» **Work to complete**:
Without including any picture, write out the entries exactly as they stand.

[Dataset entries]
■ ■ ■ ■ ■ ■ ■

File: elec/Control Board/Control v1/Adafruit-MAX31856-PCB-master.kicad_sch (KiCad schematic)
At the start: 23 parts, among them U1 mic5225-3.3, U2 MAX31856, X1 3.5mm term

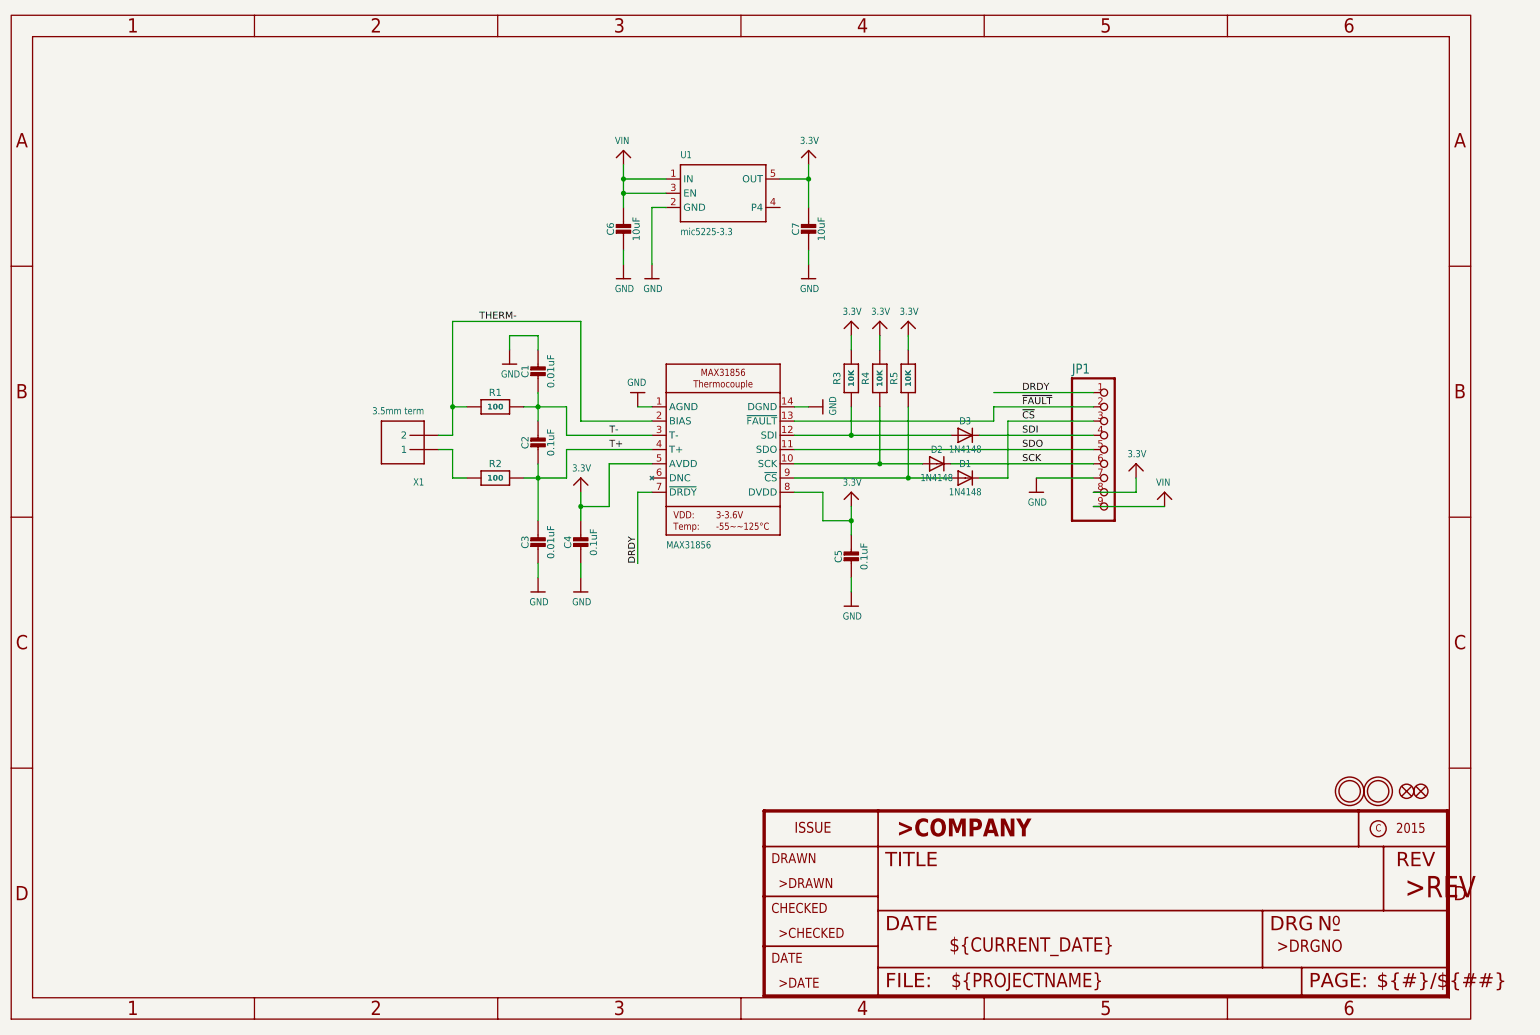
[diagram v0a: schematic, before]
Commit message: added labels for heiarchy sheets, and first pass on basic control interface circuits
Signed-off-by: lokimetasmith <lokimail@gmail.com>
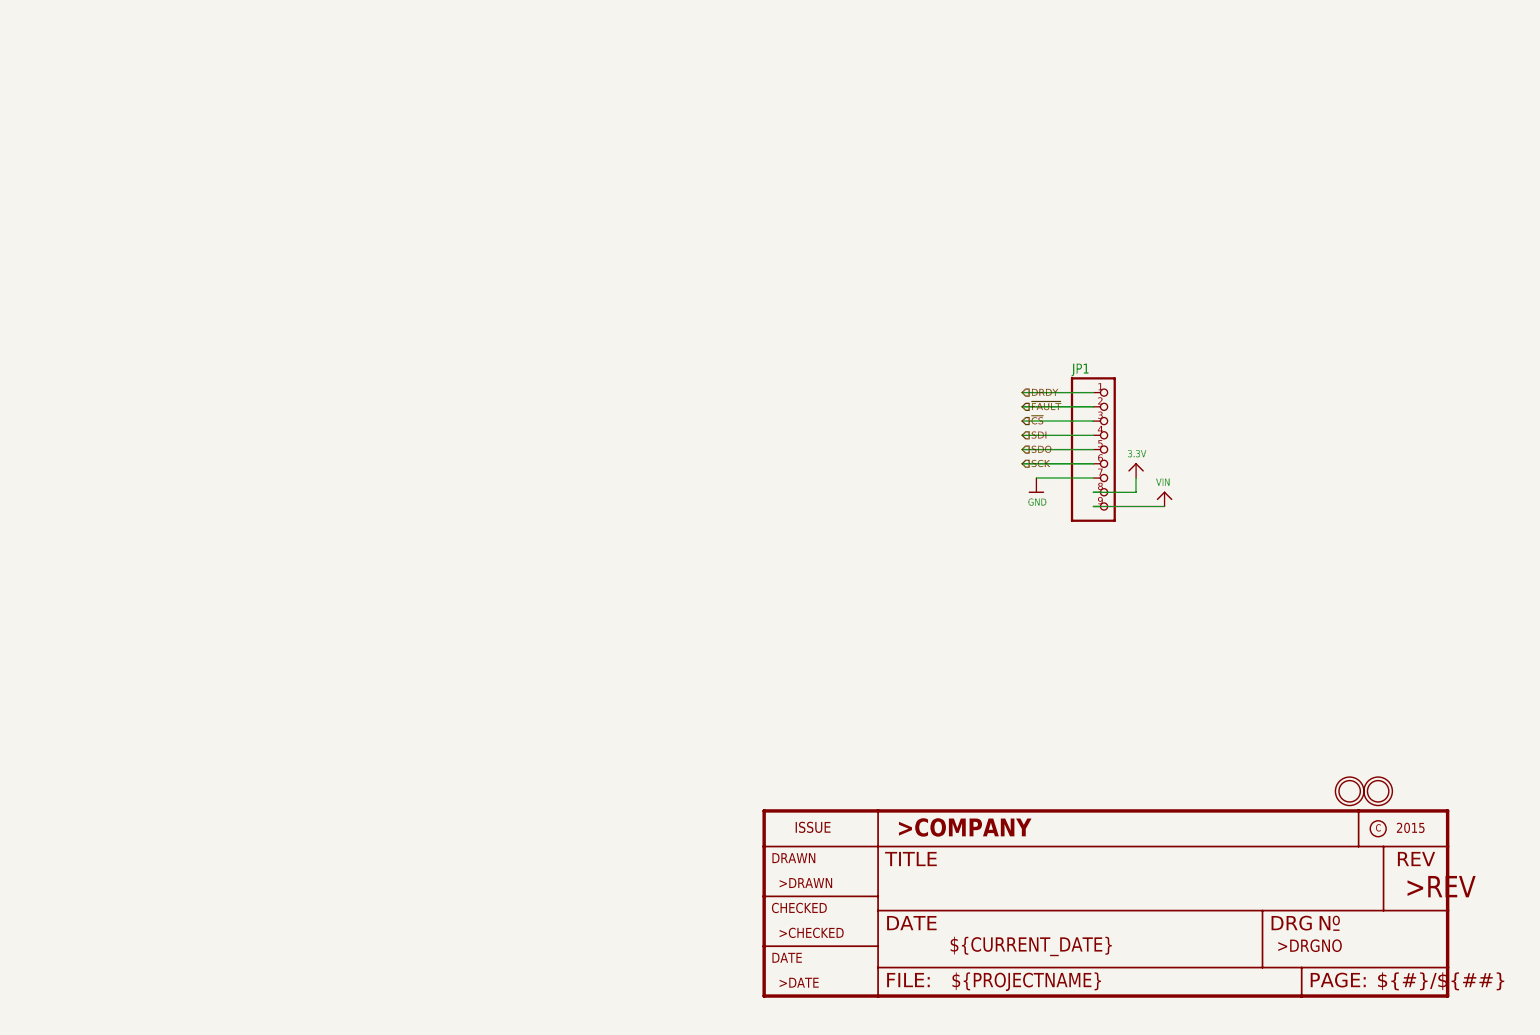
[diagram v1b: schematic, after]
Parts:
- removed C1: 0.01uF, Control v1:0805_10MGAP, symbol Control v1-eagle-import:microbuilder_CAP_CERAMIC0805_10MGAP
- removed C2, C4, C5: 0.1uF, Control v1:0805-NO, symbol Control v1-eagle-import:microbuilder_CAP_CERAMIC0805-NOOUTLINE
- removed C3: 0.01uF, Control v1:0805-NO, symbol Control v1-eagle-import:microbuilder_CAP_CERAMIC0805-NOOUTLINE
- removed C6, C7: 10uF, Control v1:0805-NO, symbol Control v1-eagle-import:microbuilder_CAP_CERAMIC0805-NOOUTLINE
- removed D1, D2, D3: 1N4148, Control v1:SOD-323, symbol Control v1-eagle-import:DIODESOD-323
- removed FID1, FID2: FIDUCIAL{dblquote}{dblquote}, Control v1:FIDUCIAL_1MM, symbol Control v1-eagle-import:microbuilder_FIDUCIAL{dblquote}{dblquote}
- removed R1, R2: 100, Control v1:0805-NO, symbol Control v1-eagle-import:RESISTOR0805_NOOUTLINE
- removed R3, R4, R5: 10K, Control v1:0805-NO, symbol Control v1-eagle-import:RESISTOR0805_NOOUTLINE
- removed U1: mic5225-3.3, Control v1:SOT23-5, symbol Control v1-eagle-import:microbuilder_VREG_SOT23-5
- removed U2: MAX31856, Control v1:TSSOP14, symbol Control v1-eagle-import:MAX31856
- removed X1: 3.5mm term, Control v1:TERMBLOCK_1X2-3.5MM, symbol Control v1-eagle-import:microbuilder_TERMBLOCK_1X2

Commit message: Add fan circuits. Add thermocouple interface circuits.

■ ■ ■ ■ ■ ■ ■

» **The completed task**:
File: elec/Control Board/Control v1/Adafruit-MAX31856-PCB-master.kicad_sch (KiCad schematic)
At the start: 23 parts, among them U1 mic5225-3.3, U2 MAX31856, X1 3.5mm term

[diagram v0a: schematic, before]
Commit message: added labels for heiarchy sheets, and first pass on basic control interface circuits
Signed-off-by: lokimetasmith <lokimail@gmail.com>
[diagram v1b: schematic, after]
Parts:
- removed C1: 0.01uF, Control v1:0805_10MGAP, symbol Control v1-eagle-import:microbuilder_CAP_CERAMIC0805_10MGAP
- removed C2, C4, C5: 0.1uF, Control v1:0805-NO, symbol Control v1-eagle-import:microbuilder_CAP_CERAMIC0805-NOOUTLINE
- removed C3: 0.01uF, Control v1:0805-NO, symbol Control v1-eagle-import:microbuilder_CAP_CERAMIC0805-NOOUTLINE
- removed C6, C7: 10uF, Control v1:0805-NO, symbol Control v1-eagle-import:microbuilder_CAP_CERAMIC0805-NOOUTLINE
- removed D1, D2, D3: 1N4148, Control v1:SOD-323, symbol Control v1-eagle-import:DIODESOD-323
- removed FID1, FID2: FIDUCIAL{dblquote}{dblquote}, Control v1:FIDUCIAL_1MM, symbol Control v1-eagle-import:microbuilder_FIDUCIAL{dblquote}{dblquote}
- removed R1, R2: 100, Control v1:0805-NO, symbol Control v1-eagle-import:RESISTOR0805_NOOUTLINE
- removed R3, R4, R5: 10K, Control v1:0805-NO, symbol Control v1-eagle-import:RESISTOR0805_NOOUTLINE
- removed U1: mic5225-3.3, Control v1:SOT23-5, symbol Control v1-eagle-import:microbuilder_VREG_SOT23-5
- removed U2: MAX31856, Control v1:TSSOP14, symbol Control v1-eagle-import:MAX31856
- removed X1: 3.5mm term, Control v1:TERMBLOCK_1X2-3.5MM, symbol Control v1-eagle-import:microbuilder_TERMBLOCK_1X2

Commit message: Add fan circuits. Add thermocouple interface circuits.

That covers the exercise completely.